What Medicare Covers

what medicare covers
what medicare covers
Treatment or Service Description
Subsidised doctor’s visits and consultations Medicare covers a portion of the cost for visits to general practitioners (GPs) and specialists.
Treatment in public hospitals Medicare covers costs associated with treatment as a public patient in a public hospital, including surgery and emergency care.
Essential tests and scans This includes services like x-rays, blood tests, and some pathology services.
Some allied health services Medicare may provide subsidies for services like physiotherapy and psychology under certain conditions.
Prescription medications Many prescription medicines are subsidised under the Pharmaceutical Benefits Scheme (PBS), which works in conjunction with Medicare.

Medicare is an important part of Australia’s healthcare system, providing peace of mind that essential health services are within reach for all Australians.

Is TMS Covered by Medicare?

Medicare may cover TMS for severe MDD under specific conditions. The Australian Government Department of Health outlines these criteria, which include:

  • Formal diagnosis of severe MDD by a qualified psychiatrist
  • Failure to respond adequately to at least two different medications at appropriate dosages

What Does Medicare Cover for TMS?

Medicare Benefits Schedule (MBS) item numbers 64100, 64101, 64102 Depending on treatment duration
Treatment duration Up to 30 sessions MBS currently reviewing extension requests
Out-of-pocket costs May apply Depending on individual circumstances and private health insurance coverage

What is Medicare Benefits Schedule (MBS)?

The Medicare Benefits Schedule (MBS) is a list of health professional services that the Australian Government subsidises. It essentially acts as a reference guide for what medical services are covered under Medicare and the associated fees.

Here’s a breakdown of the key points about the MBS:

Medicare Benefits Schedule (MBS)

Feature Description
Content A list of health professional services subsidised by the Australian Government. This includes consultations, diagnostic tests, and operations offered by various healthcare professionals like doctors, nurses, and allied health providers.
Benefits Provides financial assistance to patients by reducing the cost of covered services. Patients typically pay a reduced fee or nothing at all, depending on factors like bulk billing.
Management Managed by the Australian Government Department of Health and accessible through their website, MBS Online. This website allows searching for specific services and their associated information.

Medicare coverage doesn’t guarantee complete financial coverage. While the MBS outlines the government’s subsidy, there might be additional out-of-pocket costs depending on the specific service, chosen provider, and individual circumstances.

Insurance Companies that Cover TMS therapy

  • Aetna
  • Allianz
  • Bupa
  • Medibank
  • NIB

While Medicare coverage for TMS therapy in Australia is currently limited, many private health insurance companies do offer coverage for this treatment, but with varying degrees of accessibility and limitations.

Most major insurers like Aetna, Allianz, Bupa, Medibank, NIB may offer coverage for TMS, but often with strict criteria and limitations, such as requiring diagnosis of severe treatment-resistant depression and failed attempts at other treatment methods.

Coverage may also depend on your specific policy, the provider you choose, and out-of-pocket costs might still apply (e.g., co-pays, deductibles).
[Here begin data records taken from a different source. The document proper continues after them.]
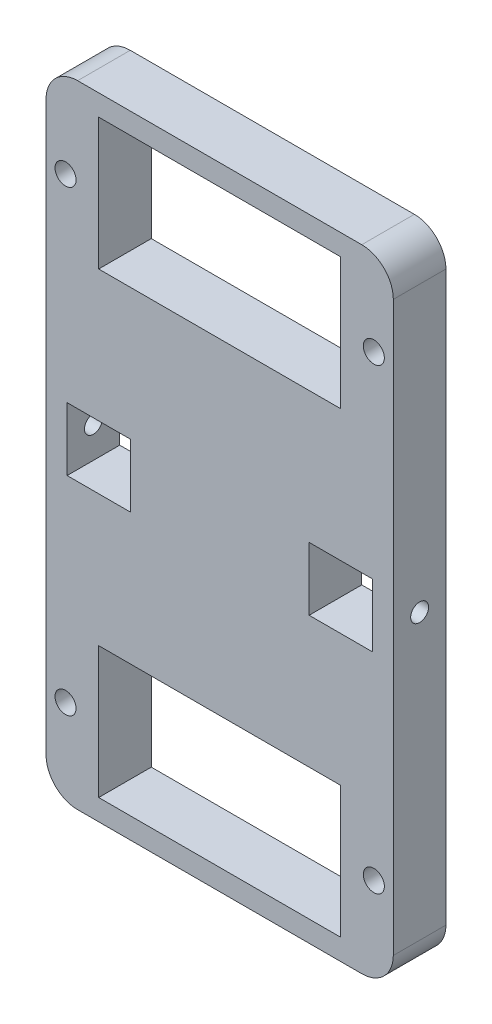
ISO-10303-21;
HEADER;
FILE_DESCRIPTION(('STEP AP214'),'2;1');
FILE_NAME('part.step','',(''),(''),'','','');
FILE_SCHEMA(('AUTOMOTIVE_DESIGN { 1 0 10303 214 1 1 1 1 }'));
ENDSEC;
DATA;
#1=APPLICATION_CONTEXT('core data for automotive mechanical design processes');
#2=APPLICATION_PROTOCOL_DEFINITION('international standard','automotive_design',2000,#1);
#3=PRODUCT_CONTEXT('',#1,'mechanical');
#4=PRODUCT('Part','Part','',(#3));
#5=PRODUCT_RELATED_PRODUCT_CATEGORY('part','',(#4));
#6=PRODUCT_DEFINITION_FORMATION('','',#4);
#7=PRODUCT_DEFINITION_CONTEXT('part definition',#1,'design');
#8=PRODUCT_DEFINITION('design','',#6,#7);
#9=PRODUCT_DEFINITION_SHAPE('','',#8);
#10=(LENGTH_UNIT() NAMED_UNIT(*) SI_UNIT(.MILLI.,.METRE.));
#11=(NAMED_UNIT(*) PLANE_ANGLE_UNIT() SI_UNIT($,.RADIAN.));
#12=(NAMED_UNIT(*) SI_UNIT($,.STERADIAN.) SOLID_ANGLE_UNIT());
#13=UNCERTAINTY_MEASURE_WITH_UNIT(LENGTH_MEASURE(1.E-05),#10,'distance_accuracy_value','');
#14=(GEOMETRIC_REPRESENTATION_CONTEXT(3) GLOBAL_UNCERTAINTY_ASSIGNED_CONTEXT((#13)) GLOBAL_UNIT_ASSIGNED_CONTEXT((#10,
#11,#12)) REPRESENTATION_CONTEXT('',''));
#15=CARTESIAN_POINT('',(0.,0.,0.));
#16=DIRECTION('',(0.,0.,1.));
#17=DIRECTION('',(1.,0.,0.));
#18=AXIS2_PLACEMENT_3D('',#15,#16,#17);
#19=CARTESIAN_POINT('',(0.,0.,5.));
#20=DIRECTION('',(0.,0.,-1.));
#21=DIRECTION('',(-1.,0.,0.));
#22=AXIS2_PLACEMENT_3D('',#19,#20,#21);
#23=PLANE('',#22);
#24=DIRECTION('',(0.,1.,0.));
#25=VECTOR('',#24,1.);
#26=CARTESIAN_POINT('',(-8.5,-3.,5.));
#27=LINE('',#26,#25);
#28=CARTESIAN_POINT('',(-8.5,-3.,5.));
#29=VERTEX_POINT('',#28);
#30=CARTESIAN_POINT('',(-8.5,3.,5.));
#31=VERTEX_POINT('',#30);
#32=EDGE_CURVE('E258',#29,#31,#27,.T.);
#33=ORIENTED_EDGE('',*,*,#32,.F.);
#34=DIRECTION('',(1.,0.,0.));
#35=VECTOR('',#34,1.);
#36=CARTESIAN_POINT('',(-14.5,-3.,5.));
#37=LINE('',#36,#35);
#38=CARTESIAN_POINT('',(-14.5,-3.,5.));
#39=VERTEX_POINT('',#38);
#40=EDGE_CURVE('E269',#39,#29,#37,.T.);
#41=ORIENTED_EDGE('',*,*,#40,.F.);
#42=DIRECTION('',(0.,-1.,0.));
#43=VECTOR('',#42,1.);
#44=CARTESIAN_POINT('',(-14.5,-3.,5.));
#45=LINE('',#44,#43);
#46=CARTESIAN_POINT('',(-14.5,3.,5.));
#47=VERTEX_POINT('',#46);
#48=EDGE_CURVE('E265',#47,#39,#45,.T.);
#49=ORIENTED_EDGE('',*,*,#48,.F.);
#50=DIRECTION('',(-1.,0.,0.));
#51=VECTOR('',#50,1.);
#52=CARTESIAN_POINT('',(-14.5,3.,5.));
#53=LINE('',#52,#51);
#54=EDGE_CURVE('E261',#31,#47,#53,.T.);
#55=ORIENTED_EDGE('',*,*,#54,.F.);
#56=EDGE_LOOP('',(#33,#41,#49,#55));
#57=FACE_BOUND('',#56,.T.);
#58=DIRECTION('',(0.,1.,0.));
#59=VECTOR('',#58,1.);
#60=CARTESIAN_POINT('',(11.5,28.,5.));
#61=LINE('',#60,#59);
#62=CARTESIAN_POINT('',(11.5,15.5,5.));
#63=VERTEX_POINT('',#62);
#64=CARTESIAN_POINT('',(11.5,28.,5.));
#65=VERTEX_POINT('',#64);
#66=EDGE_CURVE('E376',#63,#65,#61,.T.);
#67=ORIENTED_EDGE('',*,*,#66,.F.);
#68=DIRECTION('',(1.,0.,0.));
#69=VECTOR('',#68,1.);
#70=CARTESIAN_POINT('',(-11.5,15.5,5.));
#71=LINE('',#70,#69);
#72=CARTESIAN_POINT('',(-11.5,15.5,5.));
#73=VERTEX_POINT('',#72);
#74=EDGE_CURVE('E387',#73,#63,#71,.T.);
#75=ORIENTED_EDGE('',*,*,#74,.F.);
#76=DIRECTION('',(0.,-1.,0.));
#77=VECTOR('',#76,1.);
#78=CARTESIAN_POINT('',(-11.5,28.,5.));
#79=LINE('',#78,#77);
#80=CARTESIAN_POINT('',(-11.5,28.,5.));
#81=VERTEX_POINT('',#80);
#82=EDGE_CURVE('E383',#81,#73,#79,.T.);
#83=ORIENTED_EDGE('',*,*,#82,.F.);
#84=DIRECTION('',(-1.,0.,0.));
#85=VECTOR('',#84,1.);
#86=CARTESIAN_POINT('',(-11.5,28.,5.));
#87=LINE('',#86,#85);
#88=EDGE_CURVE('E379',#65,#81,#87,.T.);
#89=ORIENTED_EDGE('',*,*,#88,.F.);
#90=EDGE_LOOP('',(#67,#75,#83,#89));
#91=FACE_BOUND('',#90,.T.);
#92=DIRECTION('',(1.,0.,0.));
#93=VECTOR('',#92,1.);
#94=CARTESIAN_POINT('',(-16.5,-30.,5.));
#95=LINE('',#94,#93);
#96=CARTESIAN_POINT('',(-13.5,-30.,5.));
#97=VERTEX_POINT('',#96);
#98=CARTESIAN_POINT('',(13.5,-30.,5.));
#99=VERTEX_POINT('',#98);
#100=EDGE_CURVE('E430',#97,#99,#95,.T.);
#101=ORIENTED_EDGE('',*,*,#100,.T.);
#102=CARTESIAN_POINT('',(13.5,-27.,5.));
#103=DIRECTION('',(0.,0.,-1.));
#104=DIRECTION('',(-1.,0.,0.));
#105=AXIS2_PLACEMENT_3D('',#102,#103,#104);
#106=CIRCLE('',#105,3.);
#107=CARTESIAN_POINT('',(16.5,-27.,5.));
#108=VERTEX_POINT('',#107);
#109=EDGE_CURVE('E490',#99,#108,#106,.F.);
#110=ORIENTED_EDGE('',*,*,#109,.T.);
#111=DIRECTION('',(0.,1.,0.));
#112=VECTOR('',#111,1.);
#113=CARTESIAN_POINT('',(16.5,-30.,5.));
#114=LINE('',#113,#112);
#115=CARTESIAN_POINT('',(16.5,27.,5.));
#116=VERTEX_POINT('',#115);
#117=EDGE_CURVE('E419',#108,#116,#114,.T.);
#118=ORIENTED_EDGE('',*,*,#117,.T.);
#119=CARTESIAN_POINT('',(13.5,27.,5.));
#120=DIRECTION('',(0.,0.,-1.));
#121=DIRECTION('',(-1.,0.,0.));
#122=AXIS2_PLACEMENT_3D('',#119,#120,#121);
#123=CIRCLE('',#122,3.);
#124=CARTESIAN_POINT('',(13.5,30.,5.));
#125=VERTEX_POINT('',#124);
#126=EDGE_CURVE('E487',#116,#125,#123,.F.);
#127=ORIENTED_EDGE('',*,*,#126,.T.);
#128=DIRECTION('',(-1.,0.,0.));
#129=VECTOR('',#128,1.);
#130=CARTESIAN_POINT('',(-16.5,30.,5.));
#131=LINE('',#130,#129);
#132=CARTESIAN_POINT('',(-13.5,30.,5.));
#133=VERTEX_POINT('',#132);
#134=EDGE_CURVE('E423',#125,#133,#131,.T.);
#135=ORIENTED_EDGE('',*,*,#134,.T.);
#136=CARTESIAN_POINT('',(-13.5,27.,5.));
#137=DIRECTION('',(0.,0.,-1.));
#138=DIRECTION('',(-1.,0.,0.));
#139=AXIS2_PLACEMENT_3D('',#136,#137,#138);
#140=CIRCLE('',#139,3.);
#141=CARTESIAN_POINT('',(-16.5,27.,5.));
#142=VERTEX_POINT('',#141);
#143=EDGE_CURVE('E61',#133,#142,#140,.F.);
#144=ORIENTED_EDGE('',*,*,#143,.T.);
#145=DIRECTION('',(0.,-1.,0.));
#146=VECTOR('',#145,1.);
#147=CARTESIAN_POINT('',(-16.5,-30.,5.));
#148=LINE('',#147,#146);
#149=CARTESIAN_POINT('',(-16.5,-27.,5.));
#150=VERTEX_POINT('',#149);
#151=EDGE_CURVE('E427',#142,#150,#148,.T.);
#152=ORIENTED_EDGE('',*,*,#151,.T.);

As of March 2023, Neuralia TMS is proud to be among the first multi-site TMS providers in Australia to offer a no out-of-pocket Medicare option for patients struggling with treatment-resistant depression. This means eligible patients will have full coverage for both TMS treatment sessions and TMS psychiatrist reviews through Medicare.

How Much Does TMS Cost in Australia?

So while Medicare may not cover the cost, there are several big insurance companies that can assist you. In Australia, typical TMS treatment costs range from $100 to $200 per session. Even with Medicare rebates, patients often incur out-of-pocket expenses between $20 and $100 per session. However, Neuralia TMS offers a unique depression treatment program in Perth where eligible patients can receive the entire treatment completely covered, eliminating any out-of-pocket costs. Visit our TMS costs page to find out more bout Medicare rebates. 

FAQs about TMS Treatment and Medicare

Who is not eligible for TMS therapy?

While TMS has shown promise, there are limitations. Individuals with implanted medical devices (pacemakers, cochlear implants), metal in the head (shrapnel, piercings), or a history of seizures are generally not eligible due to safety concerns. Additionally, pregnant or breastfeeding women, those with untreated substance abuse, or experiencing severe psychiatric symptoms (psychosis) might not be suitable candidates.

What are the requirements for TMS?

While specific requirements may vary, common criteria include being diagnosed with treatment-resistant depression (failing to respond to medication trials) and being at least 18 years old. A thorough medical and psychiatric evaluation is crucial to determine your suitability and identify any potential risks or contraindications.

Which TMS Therapy type is best?

There’s no single “best” type of TMS therapy, as each individual and their needs are unique. The two main types are repetitive TMS (rTMS) and theta-burst stimulation (TBS). rTMS offers more customization options but requires more sessions, while TBS is faster but has less flexibility. Choosing the right type involves consulting with a qualified healthcare professional who can assess your specific situation and recommend the most suitable approach.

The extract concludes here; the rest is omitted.